B. References to Unnamed Co-Conspirators
Defendant next challenges repeated references in the Indictment to her alleged actions with unnamed co-conspirators, both "known and unknown" to the grand jury. When a defendant raises a challenge to such vague phrasing in an indictment, a court must determine whether the challenged language is relevant to the charges contained therein and, if not, whether use of such phrasing is prejudicial. See, e.g., Gatto, 746 F. Supp. at 456-57. Here, the challenged language is relevant to proving the government's allegations of Defendant's participation in racketeering, mail fraud, and wire fraud conspiracies, as charged in Counts Two, Twenty-Two, and Twenty-Seven. Cf. id. (holding that indictments properly reference all allegations that are relevant to the government's case and will be part of the proof at trial). In addition, the Court finds no prejudice from the inclusion of these terms. As a result, the Motion to strike these references will be denied.

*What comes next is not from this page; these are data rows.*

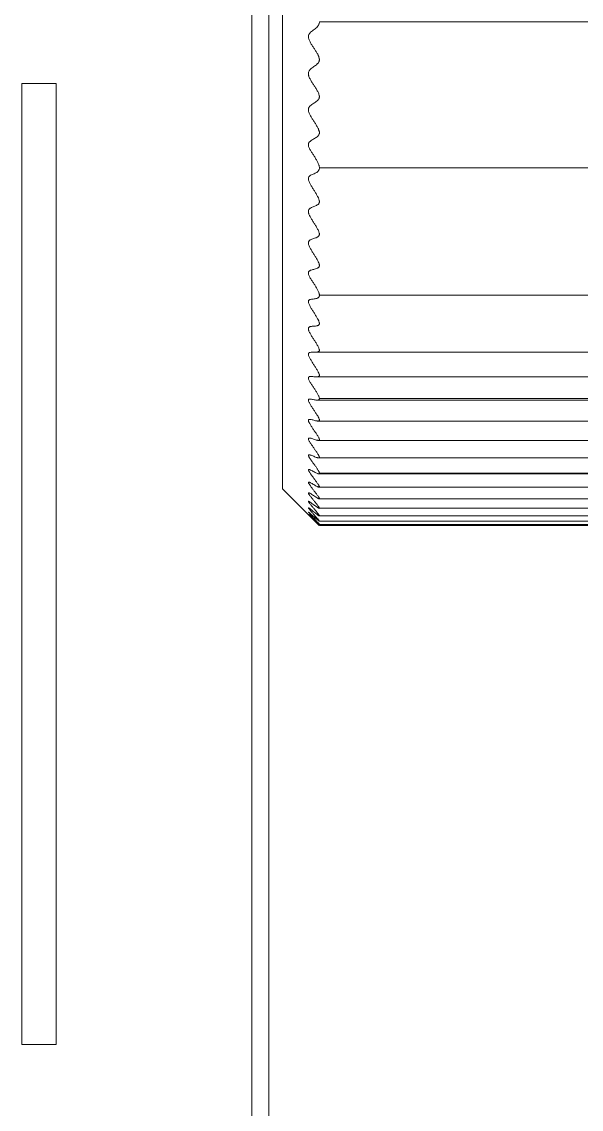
# Model space of a CAD drawing. Header units: millimetres. Extents: x -6909 to -4533, y -2578 to 782.
# Drawn here: x -5744.61 to -5728.31, y 470.47 to 502.14 of the extents above; entities that cross this region are included whole.
import ezdxf

# ---------------------------------------------------------------- set-up
doc = ezdxf.new("R2010")
doc.units = ezdxf.units.MM

msp = doc.modelspace()

# ---------------------------------------------------------------- linework, layer by layer
at = {"linetype": 'Continuous', "lineweight": 18}
for p, q in [((-5737.914, 557.845), (-5737.914, 463.14)), ((-5737.414, 558.017), (-5737.414, 463.14)), ((-5737.014, 488.539), (-5737.014, 504.692)), ((-5713.086, 502.143), (-5735.943, 502.143)), ((-5744.614, 472.349), (-5744.614, 500.349)), ((-5744.614, 500.349), (-5743.614, 500.349)), ((-5743.614, 500.349), (-5743.614, 472.349)), ((-5713.086, 497.889), (-5735.943, 497.889)), ((-5713.086, 494.176), (-5735.943, 494.176)), ((-5736.068, 492.517), (-5712.962, 492.517)), ((-5736.031, 491.798), (-5713.001, 491.798)), ((-5736.008, 491.119), (-5713.02, 491.119)), ((-5713.086, 491.168), (-5735.943, 491.168)), ((-5735.986, 490.512), (-5713.041, 490.512)), ((-5735.975, 489.948), (-5713.055, 489.948)), ((-5735.968, 489.437), (-5713.063, 489.437)), ((-5735.966, 488.977), (-5713.064, 488.977)), ((-5713.086, 488.996), (-5735.943, 488.996)), ((-5737.014, 488.539), (-5735.947, 487.472)), ((-5735.955, 488.586), (-5713.073, 488.586)), ((-5735.951, 488.248), (-5713.077, 488.248)), ((-5735.948, 487.97), (-5713.081, 487.97)), ((-5735.949, 487.751), (-5713.08, 487.751)), ((-5735.945, 487.595), (-5713.083, 487.595)), ((-5713.086, 487.754), (-5735.943, 487.754)), ((-5735.944, 487.501), (-5713.084, 487.501)), ((-5735.944, 487.468), (-5713.086, 487.468)), ((-5743.614, 472.349), (-5744.614, 472.349))]:
    msp.add_line(p, q, dxfattribs=at)
for points, knots in [([(-5735.943, 502.143), (-5735.943, 502.128), (-5735.944, 502.113), (-5735.949, 502.093), (-5735.95, 502.086), (-5735.954, 502.074), (-5735.956, 502.067), (-5735.964, 502.05), (-5735.97, 502.039), (-5735.982, 502.019), (-5735.989, 502.01), (-5736.011, 501.983), (-5736.028, 501.968), (-5736.061, 501.94), (-5736.078, 501.927), (-5736.113, 501.901), (-5736.13, 501.889), (-5736.165, 501.863), (-5736.182, 501.85), (-5736.206, 501.828), (-5736.214, 501.82), (-5736.229, 501.803), (-5736.236, 501.794), (-5736.249, 501.774), (-5736.254, 501.764), (-5736.26, 501.745), (-5736.262, 501.739), (-5736.264, 501.725), (-5736.264, 501.718), (-5736.264, 501.703), (-5736.264, 501.695), (-5736.262, 501.68), (-5736.26, 501.672), (-5736.255, 501.649), (-5736.249, 501.634), (-5736.238, 501.604), (-5736.231, 501.59), (-5736.217, 501.561), (-5736.21, 501.547), (-5736.194, 501.52), (-5736.186, 501.506), (-5736.17, 501.479), (-5736.162, 501.466), (-5736.137, 501.427), (-5736.12, 501.401), (-5736.086, 501.348), (-5736.069, 501.322), (-5736.036, 501.27), (-5736.02, 501.243), (-5735.997, 501.201), (-5735.989, 501.187), (-5735.979, 501.166), (-5735.976, 501.159), (-5735.969, 501.144), (-5735.966, 501.137), (-5735.957, 501.114), (-5735.952, 501.099), (-5735.947, 501.076), (-5735.946, 501.068), (-5735.944, 501.053), (-5735.943, 501.046), (-5735.943, 501.031), (-5735.944, 501.024), (-5735.946, 501.01), (-5735.947, 501.004), (-5735.951, 500.991), (-5735.953, 500.986), (-5735.958, 500.974), (-5735.96, 500.969), (-5735.969, 500.954), (-5735.976, 500.945), (-5735.99, 500.928), (-5735.997, 500.92), (-5736.02, 500.898), (-5736.036, 500.885), (-5736.07, 500.86), (-5736.087, 500.848), (-5736.12, 500.825), (-5736.137, 500.813), (-5736.17, 500.788), (-5736.187, 500.775), (-5736.209, 500.753), (-5736.217, 500.746), (-5736.23, 500.729), (-5736.237, 500.72), (-5736.249, 500.7), (-5736.254, 500.689), (-5736.26, 500.671), (-5736.261, 500.664), (-5736.264, 500.651), (-5736.264, 500.644), (-5736.265, 500.629), (-5736.264, 500.622), (-5736.263, 500.607), (-5736.261, 500.599), (-5736.258, 500.584), (-5736.256, 500.576), (-5736.251, 500.561), (-5736.249, 500.553), (-5736.24, 500.53), (-5736.234, 500.515), (-5736.22, 500.486), (-5736.213, 500.472), (-5736.19, 500.43), (-5736.173, 500.403), (-5736.14, 500.349), (-5736.122, 500.322), (-5736.088, 500.269), (-5736.071, 500.242), (-5736.037, 500.188), (-5736.02, 500.161), (-5735.997, 500.119), (-5735.989, 500.105), (-5735.975, 500.076), (-5735.968, 500.061), (-5735.957, 500.031), (-5735.952, 500.015), (-5735.946, 499.992), (-5735.945, 499.985), (-5735.943, 499.97), (-5735.943, 499.962), (-5735.943, 499.948), (-5735.944, 499.941), (-5735.946, 499.928), (-5735.948, 499.922), (-5735.952, 499.91), (-5735.955, 499.905), (-5735.96, 499.894), (-5735.963, 499.89), (-5735.972, 499.876), (-5735.979, 499.867), (-5735.993, 499.852), (-5736.001, 499.845), (-5736.025, 499.825), (-5736.041, 499.813), (-5736.075, 499.79), (-5736.092, 499.78), (-5736.127, 499.758), (-5736.144, 499.747), (-5736.177, 499.724), (-5736.193, 499.712), (-5736.216, 499.691), (-5736.223, 499.683), (-5736.233, 499.671), (-5736.236, 499.667), (-5736.242, 499.658), (-5736.245, 499.653), (-5736.251, 499.643), (-5736.253, 499.638), (-5736.257, 499.627), (-5736.259, 499.621), (-5736.262, 499.608), (-5736.263, 499.602), (-5736.264, 499.588), (-5736.265, 499.581), (-5736.263, 499.559), (-5736.261, 499.544), (-5736.252, 499.514), (-5736.247, 499.499), (-5736.235, 499.469), (-5736.228, 499.455), (-5736.214, 499.426), (-5736.206, 499.412), (-5736.183, 499.37), (-5736.167, 499.343), (-5736.133, 499.289), (-5736.116, 499.263), (-5736.082, 499.21), (-5736.065, 499.183), (-5736.032, 499.129), (-5736.015, 499.102), (-5735.993, 499.06), (-5735.986, 499.046), (-5735.975, 499.025), (-5735.972, 499.017), (-5735.966, 499.003), (-5735.963, 498.995), (-5735.957, 498.98), (-5735.955, 498.973), (-5735.95, 498.958), (-5735.948, 498.95), (-5735.945, 498.935), (-5735.944, 498.928), (-5735.943, 498.914), (-5735.943, 498.907), (-5735.944, 498.893), (-5735.945, 498.887), (-5735.947, 498.875), (-5735.949, 498.869), (-5735.955, 498.853), (-5735.961, 498.843), (-5735.973, 498.826), (-5735.98, 498.818), (-5735.994, 498.804), (-5736.001, 498.798), (-5736.025, 498.779), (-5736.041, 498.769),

C. References to Solicitations from Drug Dealers
Finally, Defendant objects to language in the Indictment related to her alleged solicitation of payments from drug dealers as irrelevant and prejudicial. However, this allegation is relevant to the Indictment. First, evidence of acceptance of such payments goes towards proof of the existence an enterprise, and its manner and means, which the government must establish in order to prove a violation of RICO, as charged in Counts One and Two. See United States v. Turkette, 452 U.S. 576, 583 (1981) (requiring separate proof of an enterprise and a pattern of racketeering activity in order to establish a RICO violation);see also United States v. DiSalvo, 34 F.3d 1204, 1221 (3d Cir. 1994) (ruling that evidence of certain acts, including uncharged crimes, may be presented to establish the existence of a RICO enterprise, the relationship between the conspirators, the members' knowledge of the illegal activities of the enterprise, or defendant's knowing and willful association with the enterprise and its affairs); United States v. Eufrasio, 935 F.2d 553, 572-73 (3d Cir. 1991); United States v. Clemente, 22 F.3d 477, 483 (2d Cir. 1994).
Second, these allegations support the various tax-violation charges, contained in Counts Thirty-Five through Forty-Five, as an alleged source of income that Defendant failed to report. Thus, these references are highly relevant to the charges the government seeks to prove at trial and, therefore, are properly included in the indictment.See, e.g., Yeaman, 987 F. Supp. at 377 (holding that if language is information related to the charges that the government intends to prove at trial, it cannot be stricken as surplusage even if prejudicial).
III. Conclusion
For the foregoing reasons, the Defendant's Motion will be denied. An appropriate Order follows.